--- START ---
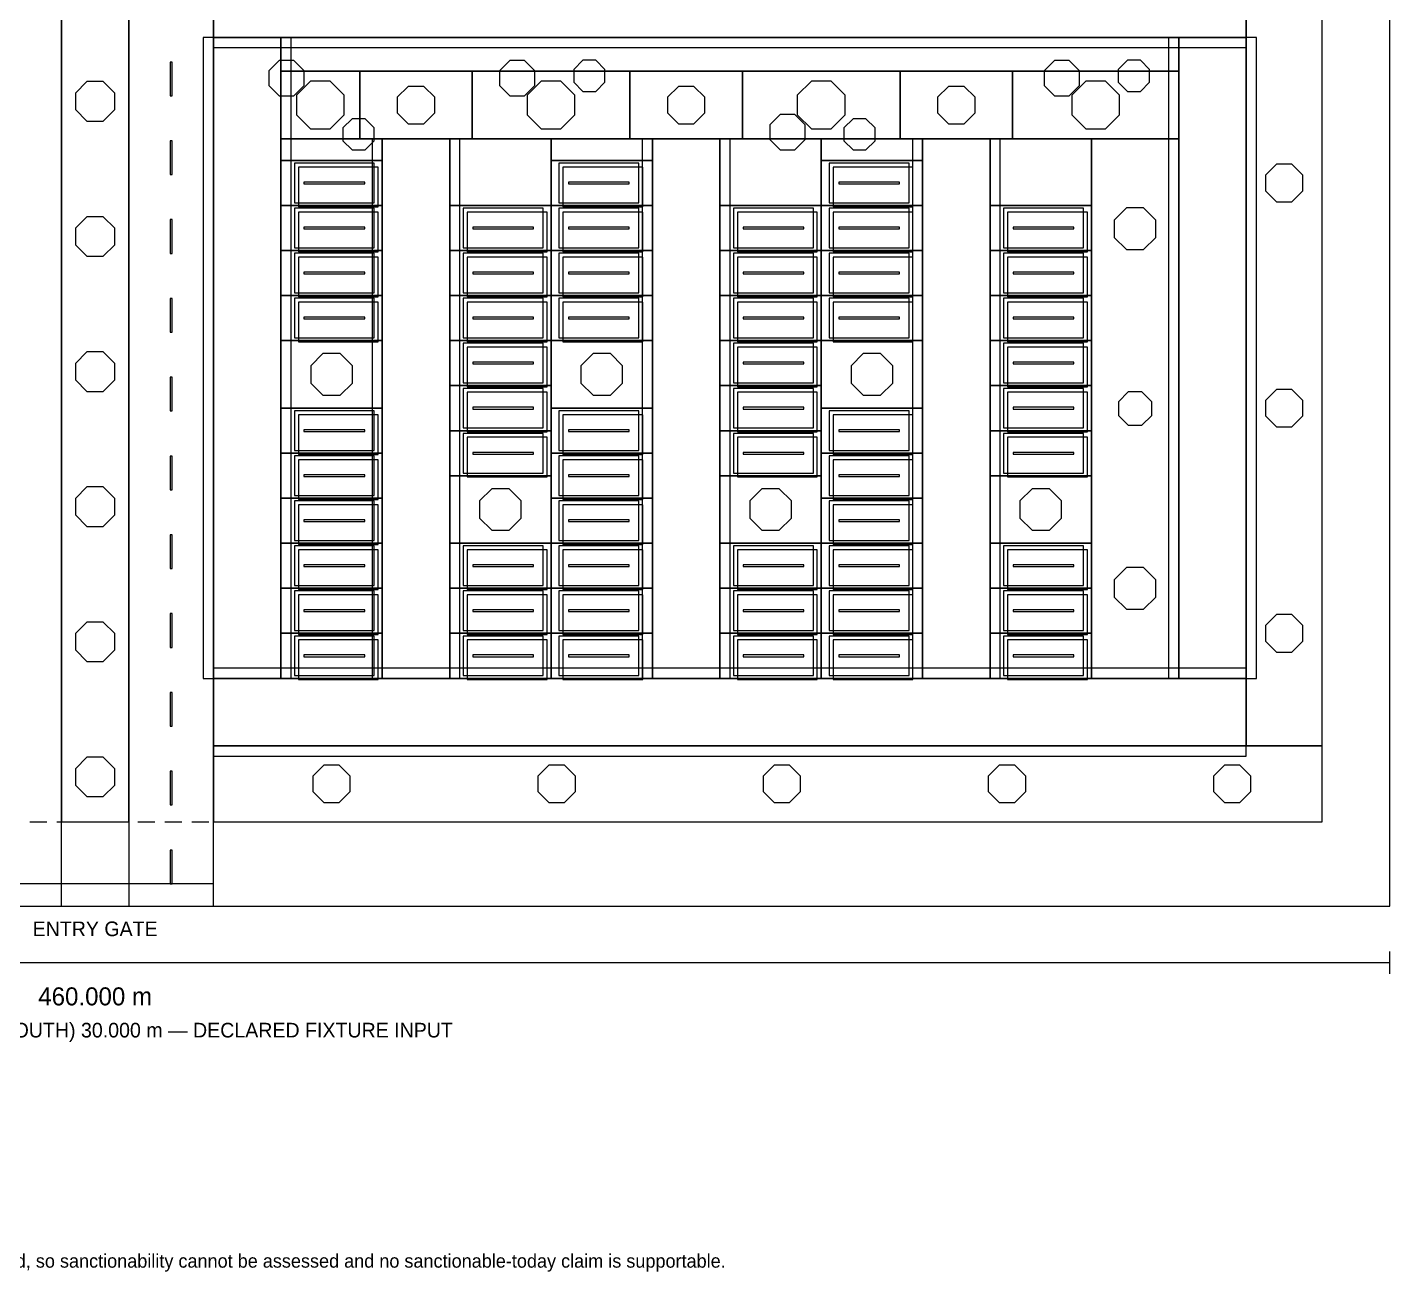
# Model space of a CAD drawing. Header units: metres. Extents: x -33 to 460, y -76 to 440.
# Drawn here: x 217.9 to 460, y -64.9 to 156.2 of the extents above; entities that cross this region are included whole.
import ezdxf
from ezdxf.enums import TextEntityAlignment as Align

# ---------------------------------------------------------------- set-up
doc = ezdxf.new("R2010")
doc.units = ezdxf.units.M
doc.linetypes.add('DASHED', pattern=[4.8, 3, -1.8])
for name, color, linetype in [('ANNOTATION', 7, 'CONTINUOUS'), ('BUILDING', 34, 'CONTINUOUS'), ('DIMENSION', 2, 'CONTINUOUS'), ('ENVELOPE', 1, 'DASHED'), ('GATE', 6, 'CONTINUOUS'), ('GREEN', 3, 'CONTINUOUS'), ('MARKING', 7, 'CONTINUOUS'), ('PAVING', 9, 'CONTINUOUS'), ('PLOT', 30, 'CONTINUOUS'), ('ROAD-PRIMARY', 8, 'CONTINUOUS'), ('ROAD-SECONDARY', 9, 'CONTINUOUS'), ('SHADOW', 8, 'CONTINUOUS'), ('SITE', 7, 'CONTINUOUS'), ('TEXT', 7, 'CONTINUOUS'), ('TREE', 3, 'CONTINUOUS'), ('WATERMARK', 8, 'CONTINUOUS')]:
    doc.layers.add(name, color=color, linetype=linetype)

msp = doc.modelspace()

# ---------------------------------------------------------------- linework, layer by layer
at = {"layer": 'BUILDING'}
for points in [[(265.4, 124.98), (279.6, 124.98), (279.6, 132.02), (265.4, 132.02)], [(312.4, 124.98), (326.6, 124.98), (326.6, 132.02), (312.4, 132.02)], [(360.4, 124.98), (374.6, 124.98), (374.6, 132.02), (360.4, 132.02)], [(265.4, 116.98), (279.6, 116.98), (279.6, 124.02), (265.4, 124.02)], [(295.4, 116.98), (309.6, 116.98), (309.6, 124.02), (295.4, 124.02)], [(312.4, 116.98), (326.6, 116.98), (326.6, 124.02), (312.4, 124.02)], [(343.4, 116.98), (357.6, 116.98), (357.6, 124.02), (343.4, 124.02)], [(360.4, 116.98), (374.6, 116.98), (374.6, 124.02), (360.4, 124.02)], [(391.4, 116.98), (405.6, 116.98), (405.6, 124.02), (391.4, 124.02)], [(265.4, 108.98), (279.6, 108.98), (279.6, 116.02), (265.4, 116.02)], [(295.4, 108.98), (309.6, 108.98), (309.6, 116.02), (295.4, 116.02)], [(312.4, 108.98), (326.6, 108.98), (326.6, 116.02), (312.4, 116.02)], [(343.4, 108.98), (357.6, 108.98), (357.6, 116.02), (343.4, 116.02)], [(360.4, 108.98), (374.6, 108.98), (374.6, 116.02), (360.4, 116.02)], [(391.4, 108.98), (405.6, 108.98), (405.6, 116.02), (391.4, 116.02)], [(265.4, 100.98), (279.6, 100.98), (279.6, 108.02), (265.4, 108.02)], [(295.4, 100.98), (309.6, 100.98), (309.6, 108.02), (295.4, 108.02)], [(312.4, 100.98), (326.6, 100.98), (326.6, 108.02), (312.4, 108.02)], [(343.4, 100.98), (357.6, 100.98), (357.6, 108.02), (343.4, 108.02)], [(360.4, 100.98), (374.6, 100.98), (374.6, 108.02), (360.4, 108.02)], [(391.4, 100.98), (405.6, 100.98), (405.6, 108.02), (391.4, 108.02)], [(295.4, 92.98), (309.6, 92.98), (309.6, 100.02), (295.4, 100.02)], [(343.4, 92.98), (357.6, 92.98), (357.6, 100.02), (343.4, 100.02)], [(391.4, 92.98), (405.6, 92.98), (405.6, 100.02), (391.4, 100.02)], [(295.4, 84.98), (309.6, 84.98), (309.6, 92.02), (295.4, 92.02)], [(343.4, 84.98), (357.6, 84.98), (357.6, 92.02), (343.4, 92.02)], [(391.4, 84.98), (405.6, 84.98), (405.6, 92.02), (391.4, 92.02)], [(265.4, 80.98), (279.6, 80.98), (279.6, 88.02), (265.4, 88.02)], [(312.4, 80.98), (326.6, 80.98), (326.6, 88.02), (312.4, 88.02)], [(360.4, 80.98), (374.6, 80.98), (374.6, 88.02), (360.4, 88.02)], [(295.4, 76.98), (309.6, 76.98), (309.6, 84.02), (295.4, 84.02)], [(343.4, 76.98), (357.6, 76.98), (357.6, 84.02), (343.4, 84.02)], [(391.4, 76.98), (405.6, 76.98), (405.6, 84.02), (391.4, 84.02)], [(265.4, 72.98), (279.6, 72.98), (279.6, 80.02), (265.4, 80.02)], [(312.4, 72.98), (326.6, 72.98), (326.6, 80.02), (312.4, 80.02)], [(360.4, 72.98), (374.6, 72.98), (374.6, 80.02), (360.4, 80.02)], [(265.4, 64.98), (279.6, 64.98), (279.6, 72.02), (265.4, 72.02)], [(312.4, 64.98), (326.6, 64.98), (326.6, 72.02), (312.4, 72.02)], [(360.4, 64.98), (374.6, 64.98), (374.6, 72.02), (360.4, 72.02)], [(265.4, 56.98), (279.6, 56.98), (279.6, 64.02), (265.4, 64.02)], [(295.4, 56.98), (309.6, 56.98), (309.6, 64.02), (295.4, 64.02)], [(312.4, 56.98), (326.6, 56.98), (326.6, 64.02), (312.4, 64.02)], [(343.4, 56.98), (357.6, 56.98), (357.6, 64.02), (343.4, 64.02)], [(360.4, 56.98), (374.6, 56.98), (374.6, 64.02), (360.4, 64.02)], [(391.4, 56.98), (405.6, 56.98), (405.6, 64.02), (391.4, 64.02)], [(265.4, 48.98), (279.6, 48.98), (279.6, 56.02), (265.4, 56.02)], [(295.4, 48.98), (309.6, 48.98), (309.6, 56.02), (295.4, 56.02)], [(312.4, 48.98), (326.6, 48.98), (326.6, 56.02), (312.4, 56.02)], [(343.4, 48.98), (357.6, 48.98), (357.6, 56.02), (343.4, 56.02)], [(360.4, 48.98), (374.6, 48.98), (374.6, 56.02), (360.4, 56.02)], [(391.4, 48.98), (405.6, 48.98), (405.6, 56.02), (391.4, 56.02)], [(265.4, 40.98), (279.6, 40.98), (279.6, 48.02), (265.4, 48.02)], [(295.4, 40.98), (309.6, 40.98), (309.6, 48.02), (295.4, 48.02)], [(312.4, 40.98), (326.6, 40.98), (326.6, 48.02), (312.4, 48.02)], [(343.4, 40.98), (357.6, 40.98), (357.6, 48.02), (343.4, 48.02)], [(360.4, 40.98), (374.6, 40.98), (374.6, 48.02), (360.4, 48.02)], [(391.4, 40.98), (405.6, 40.98), (405.6, 48.02), (391.4, 48.02)]]:
    msp.add_lwpolyline(points, close=True, dxfattribs=at)
at = {"layer": 'DIMENSION'}
for points in [[(460, -12), (460, -8)], [(0, -10), (460, -10)]]:
    msp.add_lwpolyline(points, dxfattribs=at)
at = {"layer": 'ENVELOPE'}
msp.add_lwpolyline([(12, 15), (448, 15), (448, 428), (12, 428)], close=True, dxfattribs=at)
at = {"layer": 'GATE'}
msp.add_lwpolyline([(209, 0), (251, 0), (251, 4), (209, 4)], close=True, dxfattribs=at)
at = {"layer": 'GREEN'}
for points in [[(224, 15), (236, 15), (236, 414.5), (224, 414.5)], [(434.5, 28.5), (448, 28.5), (448, 414.5), (434.5, 414.5)], [(263, 148.35), (422.5, 148.35), (422.5, 154.35), (263, 154.35)], [(263, 136.35), (277, 136.35), (277, 148.35), (263, 148.35)], [(297, 136.35), (325, 136.35), (325, 148.35), (297, 148.35)], [(345, 136.35), (373, 136.35), (373, 148.35), (345, 148.35)], [(393, 136.35), (422.5, 136.35), (422.5, 148.35), (393, 148.35)], [(263, 132.5), (281, 132.5), (281, 136.35), (263, 136.35)], [(293, 124.5), (311, 124.5), (311, 136.35), (293, 136.35)], [(311, 132.5), (329, 132.5), (329, 136.35), (311, 136.35)], [(341, 124.5), (359, 124.5), (359, 136.35), (341, 136.35)], [(359, 132.5), (377, 132.5), (377, 136.35), (359, 136.35)], [(389, 124.5), (407, 124.5), (407, 136.35), (389, 136.35)], [(407, 40.5), (422.5, 40.5), (422.5, 136.35), (407, 136.35)], [(263, 88.5), (281, 88.5), (281, 100.5), (263, 100.5)], [(311, 88.5), (329, 88.5), (329, 100.5), (311, 100.5)], [(359, 88.5), (377, 88.5), (377, 100.5), (359, 100.5)], [(293, 64.5), (311, 64.5), (311, 76.5), (293, 76.5)], [(341, 64.5), (359, 64.5), (359, 76.5), (341, 76.5)], [(389, 64.5), (407, 64.5), (407, 76.5), (389, 76.5)], [(251, 15), (448, 15), (448, 28.5), (251, 28.5)]]:
    msp.add_lwpolyline(points, close=True, dxfattribs=at)
at = {"layer": 'MARKING'}
for points in [[(243.3, 144), (243.7, 144), (243.7, 150), (243.3, 150)], [(243.3, 130), (243.7, 130), (243.7, 136), (243.3, 136)], [(267.104, 128.35), (277.896, 128.35), (277.896, 128.65), (267.104, 128.65)], [(314.104, 128.35), (324.896, 128.35), (324.896, 128.65), (314.104, 128.65)], [(362.104, 128.35), (372.896, 128.35), (372.896, 128.65), (362.104, 128.65)], [(243.3, 116), (243.7, 116), (243.7, 122), (243.3, 122)], [(267.104, 120.35), (277.896, 120.35), (277.896, 120.65), (267.104, 120.65)], [(297.104, 120.35), (307.896, 120.35), (307.896, 120.65), (297.104, 120.65)], [(314.104, 120.35), (324.896, 120.35), (324.896, 120.65), (314.104, 120.65)], [(345.104, 120.35), (355.896, 120.35), (355.896, 120.65), (345.104, 120.65)], [(362.104, 120.35), (372.896, 120.35), (372.896, 120.65), (362.104, 120.65)], [(393.104, 120.35), (403.896, 120.35), (403.896, 120.65), (393.104, 120.65)], [(267.104, 112.35), (277.896, 112.35), (277.896, 112.65), (267.104, 112.65)], [(297.104, 112.35), (307.896, 112.35), (307.896, 112.65), (297.104, 112.65)], [(314.104, 112.35), (324.896, 112.35), (324.896, 112.65), (314.104, 112.65)], [(345.104, 112.35), (355.896, 112.35), (355.896, 112.65), (345.104, 112.65)], [(362.104, 112.35), (372.896, 112.35), (372.896, 112.65), (362.104, 112.65)], [(393.104, 112.35), (403.896, 112.35), (403.896, 112.65), (393.104, 112.65)], [(243.3, 102), (243.7, 102), (243.7, 108), (243.3, 108)], [(267.104, 104.35), (277.896, 104.35), (277.896, 104.65), (267.104, 104.65)], [(297.104, 104.35), (307.896, 104.35), (307.896, 104.65), (297.104, 104.65)], [(314.104, 104.35), (324.896, 104.35), (324.896, 104.65), (314.104, 104.65)], [(345.104, 104.35), (355.896, 104.35), (355.896, 104.65), (345.104, 104.65)], [(362.104, 104.35), (372.896, 104.35), (372.896, 104.65), (362.104, 104.65)], [(393.104, 104.35), (403.896, 104.35), (403.896, 104.65), (393.104, 104.65)], [(297.104, 96.35), (307.896, 96.35), (307.896, 96.65), (297.104, 96.65)], [(345.104, 96.35), (355.896, 96.35), (355.896, 96.65), (345.104, 96.65)], [(393.104, 96.35), (403.896, 96.35), (403.896, 96.65), (393.104, 96.65)], [(243.3, 88), (243.7, 88), (243.7, 94), (243.3, 94)], [(297.104, 88.35), (307.896, 88.35), (307.896, 88.65), (297.104, 88.65)], [(345.104, 88.35), (355.896, 88.35), (355.896, 88.65), (345.104, 88.65)], [(393.104, 88.35), (403.896, 88.35), (403.896, 88.65), (393.104, 88.65)], [(267.104, 84.35), (277.896, 84.35), (277.896, 84.65), (267.104, 84.65)], [(314.104, 84.35), (324.896, 84.35), (324.896, 84.65), (314.104, 84.65)], [(362.104, 84.35), (372.896, 84.35), (372.896, 84.65), (362.104, 84.65)], [(243.3, 74), (243.7, 74), (243.7, 80), (243.3, 80)], [(297.104, 80.35), (307.896, 80.35), (307.896, 80.65), (297.104, 80.65)], [(345.104, 80.35), (355.896, 80.35), (355.896, 80.65), (345.104, 80.65)], [(393.104, 80.35), (403.896, 80.35), (403.896, 80.65), (393.104, 80.65)], [(267.104, 76.35), (277.896, 76.35), (277.896, 76.65), (267.104, 76.65)], [(314.104, 76.35), (324.896, 76.35), (324.896, 76.65), (314.104, 76.65)], [(362.104, 76.35), (372.896, 76.35), (372.896, 76.65), (362.104, 76.65)], [(267.104, 68.35), (277.896, 68.35), (277.896, 68.65), (267.104, 68.65)], [(314.104, 68.35), (324.896, 68.35), (324.896, 68.65), (314.104, 68.65)], [(362.104, 68.35), (372.896, 68.35), (372.896, 68.65), (362.104, 68.65)], [(243.3, 60), (243.7, 60), (243.7, 66), (243.3, 66)], [(267.104, 60.35), (277.896, 60.35), (277.896, 60.65), (267.104, 60.65)], [(297.104, 60.35), (307.896, 60.35), (307.896, 60.65), (297.104, 60.65)], [(314.104, 60.35), (324.896, 60.35), (324.896, 60.65), (314.104, 60.65)], [(345.104, 60.35), (355.896, 60.35), (355.896, 60.65), (345.104, 60.65)], [(362.104, 60.35), (372.896, 60.35), (372.896, 60.65), (362.104, 60.65)], [(393.104, 60.35), (403.896, 60.35), (403.896, 60.65), (393.104, 60.65)], [(243.3, 46), (243.7, 46), (243.7, 52), (243.3, 52)], [(267.104, 52.35), (277.896, 52.35), (277.896, 52.65), (267.104, 52.65)], [(297.104, 52.35), (307.896, 52.35), (307.896, 52.65), (297.104, 52.65)], [(314.104, 52.35), (324.896, 52.35), (324.896, 52.65), (314.104, 52.65)], [(345.104, 52.35), (355.896, 52.35), (355.896, 52.65), (345.104, 52.65)], [(362.104, 52.35), (372.896, 52.35), (372.896, 52.65), (362.104, 52.65)], [(393.104, 52.35), (403.896, 52.35), (403.896, 52.65), (393.104, 52.65)], [(267.104, 44.35), (277.896, 44.35), (277.896, 44.65), (267.104, 44.65)], [(297.104, 44.35), (307.896, 44.35), (307.896, 44.65), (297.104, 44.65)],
--- END ---
Write out exactly the lines of the material above, starting with the first and finishing with the line that contains "from ezdxf.enums import", without pictures.

• [RESULT FOR THIS TASK]
# Model space of a CAD drawing. Header units: metres. Extents: x -33 to 460, y -76 to 440.
# Drawn here: x 217.9 to 460, y -64.9 to 156.2 of the extents above; entities that cross this region are included whole.
import ezdxf
from ezdxf.enums import TextEntityAlignment as Align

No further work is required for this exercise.